- [Work required]: Repeat only the lines below from the one containing "Constant : Constant" through the one containing "Enabled Subsystem1 : Subsystem", inclusive, exactly as written.

- [Listed records]:

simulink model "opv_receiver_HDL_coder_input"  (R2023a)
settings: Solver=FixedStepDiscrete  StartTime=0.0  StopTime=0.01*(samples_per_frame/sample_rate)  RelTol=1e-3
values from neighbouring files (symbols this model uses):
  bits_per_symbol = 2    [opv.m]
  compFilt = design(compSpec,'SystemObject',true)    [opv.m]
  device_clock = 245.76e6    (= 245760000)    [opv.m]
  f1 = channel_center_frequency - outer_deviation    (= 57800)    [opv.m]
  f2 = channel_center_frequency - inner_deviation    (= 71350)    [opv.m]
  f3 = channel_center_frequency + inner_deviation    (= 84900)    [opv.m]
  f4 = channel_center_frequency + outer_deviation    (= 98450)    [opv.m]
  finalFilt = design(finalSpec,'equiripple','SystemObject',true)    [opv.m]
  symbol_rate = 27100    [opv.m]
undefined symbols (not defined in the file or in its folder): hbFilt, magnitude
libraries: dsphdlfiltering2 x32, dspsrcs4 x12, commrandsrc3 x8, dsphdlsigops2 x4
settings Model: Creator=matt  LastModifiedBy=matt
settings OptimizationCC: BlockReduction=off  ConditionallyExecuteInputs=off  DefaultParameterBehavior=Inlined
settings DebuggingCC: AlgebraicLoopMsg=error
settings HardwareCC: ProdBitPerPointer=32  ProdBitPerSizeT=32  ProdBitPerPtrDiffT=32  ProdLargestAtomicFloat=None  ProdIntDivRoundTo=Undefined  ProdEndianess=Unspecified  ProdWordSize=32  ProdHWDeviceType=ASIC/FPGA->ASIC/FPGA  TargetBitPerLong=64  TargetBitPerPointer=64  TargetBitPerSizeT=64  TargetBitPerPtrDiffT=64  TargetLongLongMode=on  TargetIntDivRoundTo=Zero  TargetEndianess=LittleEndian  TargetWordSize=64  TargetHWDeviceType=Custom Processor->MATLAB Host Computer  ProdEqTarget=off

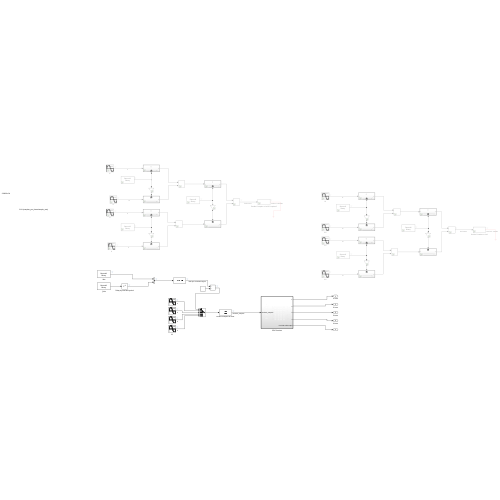
[thumbnail: Simulink's stored preview of the top-level diagram]
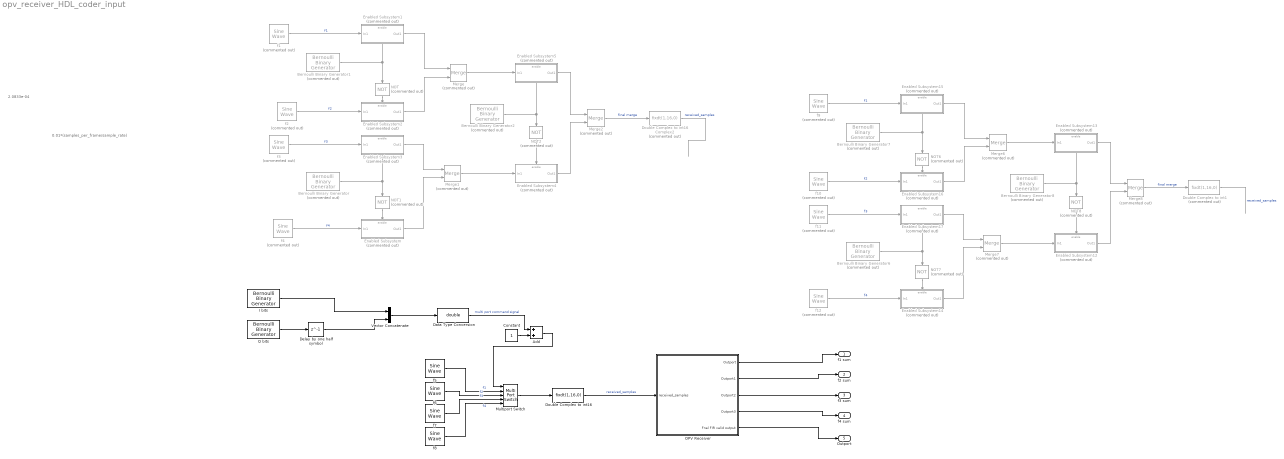
== system opv_receiver_HDL_coder_input ==
  note: 0.01*(samples_per_frame/sample_rate)
  note: 2.0833e-04
  Add : Sum
  Bernoulli Binary Generator{,1..2,6..8} (6 alike) : commrandsrc3/Bernoulli Binary Generator  Commented=on  ProbabilityOfZero=0.5  SeedSource=Auto  Seed=0  SampleTime=1/symbol_rate  SamplesPerFrame=1  OutputDataType=boolean  SimulateUsing=Interpreted execution
  Constant : Constant  SampleTime=1/(bits_per_symbol*symbol_rate)
  Data Type Conversion : DataTypeConversion  OutDataTypeStr=double  SaturateOnIntegerOverflow=off  RndMeth=Floor
  Delay by one half symbol : Delay  DelayLength=1  SampleTime=1/(bits_per_symbol*symbol_rate)
  Double Complex to int1 : DataTypeConversion  Commented=on  OutMin=[-32768]  OutMax=[32767]  OutDataTypeStr=fixdt(1,16,0)  ConvertRealWorld=Stored Integer (SI)  RndMeth=Floor
  Double Complex to int16 : DataTypeConversion  OutMin=[-32768]  OutMax=[32767]  OutDataTypeStr=fixdt(1,16,0)  ConvertRealWorld=Stored Integer (SI)  RndMeth=Floor
  Double Complex to int16 Complex2 : DataTypeConversion  Commented=on  OutMin=[-32768]  OutMax=[32767]  OutDataTypeStr=fixdt(1,16,0)  ConvertRealWorld=Stored Integer (SI)  RndMeth=Floor
  Enabled Subsystem : Subsystem  Commented=on  TreatAsAtomicUnit=on
      settings: LibrarySourceBlock=|
      | hdlsllib/Ports &
      | Subsystems/Enabled
      | Subsystem
  Enabled Subsystem1 : Subsystem  Commented=on  TreatAsAtomicUnit=on
      settings: LibrarySourceBlock=|
      | hdlsllib/Ports &
      | Subsystems/Enabled
      | Subsystem
  Enabled Subsystem12 : Subsystem  Commented=on  TreatAsAtomicUnit=on
      settings: LibrarySourceBlock=|
      | hdlsllib/Ports &
      | Subsystems/Enabled
      | Subsystem
  Enabled Subsystem13 : Subsystem  Commented=on  TreatAsAtomicUnit=on
      settings: LibrarySourceBlock=|
      | hdlsllib/Ports &
      | Subsystems/Enabled
      | Subsystem
  Enabled Subsystem14 : Subsystem  Commented=on  TreatAsAtomicUnit=on
      settings: LibrarySourceBlock=|
      | hdlsllib/Ports &
      | Subsystems/Enabled
      | Subsystem
  Enabled Subsystem15 : Subsystem  Commented=on  TreatAsAtomicUnit=on
      settings: LibrarySourceBlock=|
      | hdlsllib/Ports &
      | Subsystems/Enabled
      | Subsystem
  Enabled Subsystem16 : Subsystem  Commented=on  TreatAsAtomicUnit=on
      settings: LibrarySourceBlock=|
      | hdlsllib/Ports &
      | Subsystems/Enabled
      | Subsystem
  Enabled Subsystem17 : Subsystem  Commented=on  TreatAsAtomicUnit=on
      settings: LibrarySourceBlock=|
      | hdlsllib/Ports &
      | Subsystems/Enabled
      | Subsystem
  Enabled Subsystem2 : Subsystem  Commented=on  TreatAsAtomicUnit=on
      settings: LibrarySourceBlock=|
      | hdlsllib/Ports &
      | Subsystems/Enabled
      | Subsystem
  Enabled Subsystem3 : Subsystem  Commented=on  TreatAsAtomicUnit=on
      settings: LibrarySourceBlock=|
      | hdlsllib/Ports &
      | Subsystems/Enabled
      | Subsystem
  Enabled Subsystem4 : Subsystem  Commented=on  TreatAsAtomicUnit=on
      settings: LibrarySourceBlock=|
      | hdlsllib/Ports &
      | Subsystems/Enabled
      | Subsystem
  Enabled Subsystem5 : Subsystem  Commented=on  TreatAsAtomicUnit=on
      settings: LibrarySourceBlock=|
      | hdlsllib/Ports &
      | Subsystems/Enabled
      | Subsystem
  I bits : commrandsrc3/Bernoulli Binary Generator  ProbabilityOfZero=0.5  SeedSource=Auto  Seed=0  SampleTime=1/(symbol_rate)  SamplesPerFrame=1  OutputDataType=boolean  SimulateUsing=Interpreted execution
  Merge{,1..2,6..8} (6 alike) : Merge  Commented=on
  Multiport Switch : MultiPortSwitch  Inputs=4  DataPortIndices={1,2,3,4}  SaturateOnIntegerOverflow=off  InputSameDT=off
  NOT{,1..2,6..8} (6 alike) : Logic  Commented=on  Operator=NOT  IconShape=distinctive  AllPortsSameDT=off  OutDataTypeStr=boolean
  OPV Receiver : Subsystem  TreatAsAtomicUnit=on
      settings: LibrarySourceBlock=|
      | hdlsllib/Ports &
      | Subsystems/Subsystem
  Q bits : commrandsrc3/Bernoulli Binary Generator  ProbabilityOfZero=0.5  SeedSource=Auto  Seed=0  SampleTime=1/(symbol_rate)  SamplesPerFrame=1  OutputDataType=boolean  SimulateUsing=Interpreted execution
  Vector Concatenate : Concatenate
  f1 : dspsrcs4/Sine Wave  Commented=on  Amplitude=2^15-1  Frequency=f1  Phase=0  SampleMode=Discrete  OutComplex=Complex  CompMethod=Trigonometric fcn  TableSize=Speed  SampleTime=1/device_clock  SamplesPerFrame=1  ResetState=Restart at time zero  OutputFrames=off  dataType=double  wordLen=16  udDataType=sfix(16)  fracBitsMode=User-defined  numFracBits=0  OutDataTypeStr=double  LastOutDataTypeStr=double
  f10 : dspsrcs4/Sine Wave  Commented=on  Amplitude=2^15-1  Frequency=f2  Phase=0  SampleMode=Discrete  OutComplex=Real  CompMethod=Trigonometric fcn  TableSize=Speed  SampleTime=1/device_clock  SamplesPerFrame=1  ResetState=Restart at time zero  OutputFrames=off  dataType=double  wordLen=16  udDataType=sfix(16)  fracBitsMode=User-defined  numFracBits=0  OutDataTypeStr=double  LastOutDataTypeStr=double
  f11 : dspsrcs4/Sine Wave  Commented=on  Amplitude=2^15-1  Frequency=f3  Phase=0  SampleMode=Discrete  OutComplex=Real  CompMethod=Trigonometric fcn  TableSize=Speed  SampleTime=1/device_clock  SamplesPerFrame=1  ResetState=Restart at time zero  OutputFrames=off  dataType=double  wordLen=16  udDataType=sfix(16)  fracBitsMode=User-defined  numFracBits=0  OutDataTypeStr=double  LastOutDataTypeStr=double
  f12 : dspsrcs4/Sine Wave  Commented=on  Amplitude=2^15-1  Frequency=f4  Phase=0  SampleMode=Discrete  OutComplex=Real  CompMethod=Trigonometric fcn  TableSize=Speed  SampleTime=1/device_clock  SamplesPerFrame=1  ResetState=Restart at time zero  OutputFrames=off  dataType=double  wordLen=16  udDataType=sfix(16)  fracBitsMode=User-defined  numFracBits=0  OutDataTypeStr=double  LastOutDataTypeStr=double
  f2 : dspsrcs4/Sine Wave  Commented=on  Amplitude=2^15-1  Frequency=f2  Phase=0  SampleMode=Discrete  OutComplex=Complex  CompMethod=Trigonometric fcn  TableSize=Speed  SampleTime=1/device_clock  SamplesPerFrame=1  ResetState=Restart at time zero  OutputFrames=off  dataType=double  wordLen=16  udDataType=sfix(16)  fracBitsMode=User-defined  numFracBits=0  OutDataTypeStr=double  LastOutDataTypeStr=double
  f3 : dspsrcs4/Sine Wave  Commented=on  Amplitude=2^15-1  Frequency=f3  Phase=0  SampleMode=Discrete  OutComplex=Complex  CompMethod=Trigonometric fcn  TableSize=Speed  SampleTime=1/device_clock  SamplesPerFrame=1  ResetState=Restart at time zero  OutputFrames=off  dataType=double  wordLen=16  udDataType=sfix(16)  fracBitsMode=User-defined  numFracBits=0  OutDataTypeStr=double  LastOutDataTypeStr=double
  f4 : dspsrcs4/Sine Wave  Commented=on  Amplitude=2^15-1  Frequency=f4  Phase=0  SampleMode=Discrete  OutComplex=Complex  CompMethod=Trigonometric fcn  TableSize=Speed  SampleTime=1/device_clock  SamplesPerFrame=1  ResetState=Restart at time zero  OutputFrames=off  dataType=double  wordLen=16  udDataType=sfix(16)  fracBitsMode=User-defined  numFracBits=0  OutDataTypeStr=double  LastOutDataTypeStr=double
  f5 : dspsrcs4/Sine Wave  Amplitude=2^15-1  Frequency=f1  Phase=0  SampleMode=Discrete  OutComplex=Real  CompMethod=Trigonometric fcn  TableSize=Speed  SampleTime=1/device_clock  SamplesPerFrame=1  ResetState=Restart at time zero  OutputFrames=off  dataType=double  wordLen=16  udDataType=sfix(16)  fracBitsMode=User-defined  numFracBits=0  OutDataTypeStr=double  LastOutDataTypeStr=double
  f6 : dspsrcs4/Sine Wave  Amplitude=2^15-1  Frequency=f2  Phase=0  SampleMode=Discrete  OutComplex=Real  CompMethod=Trigonometric fcn  TableSize=Speed  SampleTime=1/device_clock  SamplesPerFrame=1  ResetState=Restart at time zero  OutputFrames=off  dataType=double  wordLen=16  udDataType=sfix(16)  fracBitsMode=User-defined  numFracBits=0  OutDataTypeStr=double  LastOutDataTypeStr=double
  f7 : dspsrcs4/Sine Wave  Amplitude=2^15-1  Frequency=f3  Phase=0  SampleMode=Discrete  OutComplex=Real  CompMethod=Trigonometric fcn  TableSize=Speed  SampleTime=1/device_clock  SamplesPerFrame=1  ResetState=Restart at time zero  OutputFrames=off  dataType=double  wordLen=16  udDataType=sfix(16)  fracBitsMode=User-defined  numFracBits=0  OutDataTypeStr=double  LastOutDataTypeStr=double
  f8 : dspsrcs4/Sine Wave  Amplitude=2^15-1  Frequency=f4  Phase=0  SampleMode=Discrete  OutComplex=Real  CompMethod=Trigonometric fcn  TableSize=Speed  SampleTime=1/device_clock  SamplesPerFrame=1  ResetState=Restart at time zero  OutputFrames=off  dataType=double  wordLen=16  udDataType=sfix(16)  fracBitsMode=User-defined  numFracBits=0  OutDataTypeStr=double  LastOutDataTypeStr=double
  f9 : dspsrcs4/Sine Wave  Commented=on  Amplitude=2^15-1  Frequency=f1  Phase=0  SampleMode=Discrete  OutComplex=Real  CompMethod=Trigonometric fcn  TableSize=Speed  SampleTime=1/device_clock  SamplesPerFrame=1  ResetState=Restart at time zero  OutputFrames=off  dataType=double  wordLen=16  udDataType=sfix(16)  fracBitsMode=User-defined  numFracBits=0  OutDataTypeStr=double  LastOutDataTypeStr=double
  f1 sum : Outport
  f2 sum : Outport  Port=2
  f3 sum : Outport  Port=3
  f4 sum : Outport  Port=4
  Outport : Outport  Port=5
  wires:
  Enabled Subsystem1/1(Out1) -> Merge/1
  Bernoulli Binary Generator1/1 -> NOT/1, Enabled Subsystem1/Enable
  NOT/1 -> Enabled Subsystem2/Enable
  Enabled Subsystem2/1(Out1) -> Merge/2
  NOT1/1 -> Enabled Subsystem/Enable
  Bernoulli Binary Generator/1 -> NOT1/1, Enabled Subsystem3/Enable
  Enabled Subsystem3/1(Out1) -> Merge1/1
  Enabled Subsystem/1(Out1) -> Merge1/2
  NOT2/1 -> Enabled Subsystem4/Enable
  Bernoulli Binary Generator2/1 -> NOT2/1, Enabled Subsystem5/Enable
  Merge1/1 -> Enabled Subsystem4/1(In1)
  Merge/1 -> Enabled Subsystem5/1(In1)
  Enabled Subsystem5/1(Out1) -> Merge2/1
  Enabled Subsystem4/1(Out1) -> Merge2/2
  Merge2/1 -> Double Complex to int16 Complex2/1  "final merge"
  Double Complex to int16 Complex2/1 -> ?  "received_samples"
  f1/1 -> Enabled Subsystem1/1(In1)  "f1"
  f2/1 -> Enabled Subsystem2/1(In1)  "f2"
  f3/1 -> Enabled Subsystem3/1(In1)  "f3"
  f4/1 -> Enabled Subsystem/1(In1)  "f4"
  OPV Receiver/2(Outport1) -> f2 sum/1
  OPV Receiver/1(Outport) -> f1 sum/1
  OPV Receiver/4(Outport3) -> f4 sum/1
  OPV Receiver/3(Outport2) -> f3 sum/1
  OPV Receiver/5(Fnal FIR valid output) -> Outport/1
  Double Complex to int16/1 -> OPV Receiver/1(received_samples)  "received_samples"
  Enabled Subsystem14/1(Out1) -> Merge7/2
  Merge7/1 -> Enabled Subsystem12/1(In1)
  NOT8/1 -> Enabled Subsystem12/Enable
  Merge6/1 -> Enabled Subsystem13/1(In1)
  Enabled Subsystem12/1(Out1) -> Merge8/2
  Bernoulli Binary Generator6/1 -> NOT7/1, Enabled Subsystem17/Enable
  NOT6/1 -> Enabled Subsystem16/Enable
  f12/1 -> Enabled Subsystem14/1(In1)  "f4"
  Bernoulli Binary Generator8/1 -> NOT8/1, Enabled Subsystem13/Enable
  Enabled Subsystem17/1(Out1) -> Merge7/1
  Enabled Subsystem16/1(Out1) -> Merge6/2
  Double Complex to int1/1 -> ?  "received_samples"
  Bernoulli Binary Generator7/1 -> NOT6/1, Enabled Subsystem15/Enable
  NOT7/1 -> Enabled Subsystem14/Enable
  Enabled Subsystem15/1(Out1) -> Merge6/1
  Merge8/1 -> Double Complex to int1/1  "final merge"
  f11/1 -> Enabled Subsystem17/1(In1)  "f3"
  f10/1 -> Enabled Subsystem16/1(In1)  "f2"
  Enabled Subsystem13/1(Out1) -> Merge8/1
  f9/1 -> Enabled Subsystem15/1(In1)  "f1"
  Q bits/1 -> Delay by one half symbol/1
  I bits/1 -> Vector Concatenate/1
  Delay by one half symbol/1 -> Vector Concatenate/2
  Vector Concatenate/1 -> Data Type Conversion/1
  Multiport Switch/1 -> Double Complex to int16/1
  Data Type Conversion/1 -> Add/1  "multi port command signal"
  f7/1 -> Multiport Switch/4  "f3"
  f8/1 -> Multiport Switch/5  "f4"
  f6/1 -> Multiport Switch/3  "f2"
  f5/1 -> Multiport Switch/2  "f1"
  Constant/1 -> Add/2
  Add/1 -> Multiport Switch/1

- [Output for this task]:
  Constant : Constant  SampleTime=1/(bits_per_symbol*symbol_rate)
  Data Type Conversion : DataTypeConversion  OutDataTypeStr=double  SaturateOnIntegerOverflow=off  RndMeth=Floor
  Delay by one half symbol : Delay  DelayLength=1  SampleTime=1/(bits_per_symbol*symbol_rate)
  Double Complex to int1 : DataTypeConversion  Commented=on  OutMin=[-32768]  OutMax=[32767]  OutDataTypeStr=fixdt(1,16,0)  ConvertRealWorld=Stored Integer (SI)  RndMeth=Floor
  Double Complex to int16 : DataTypeConversion  OutMin=[-32768]  OutMax=[32767]  OutDataTypeStr=fixdt(1,16,0)  ConvertRealWorld=Stored Integer (SI)  RndMeth=Floor
  Double Complex to int16 Complex2 : DataTypeConversion  Commented=on  OutMin=[-32768]  OutMax=[32767]  OutDataTypeStr=fixdt(1,16,0)  ConvertRealWorld=Stored Integer (SI)  RndMeth=Floor
  Enabled Subsystem : Subsystem  Commented=on  TreatAsAtomicUnit=on
      settings: LibrarySourceBlock=|
      | hdlsllib/Ports &
      | Subsystems/Enabled
      | Subsystem
  Enabled Subsystem1 : Subsystem  Commented=on  TreatAsAtomicUnit=on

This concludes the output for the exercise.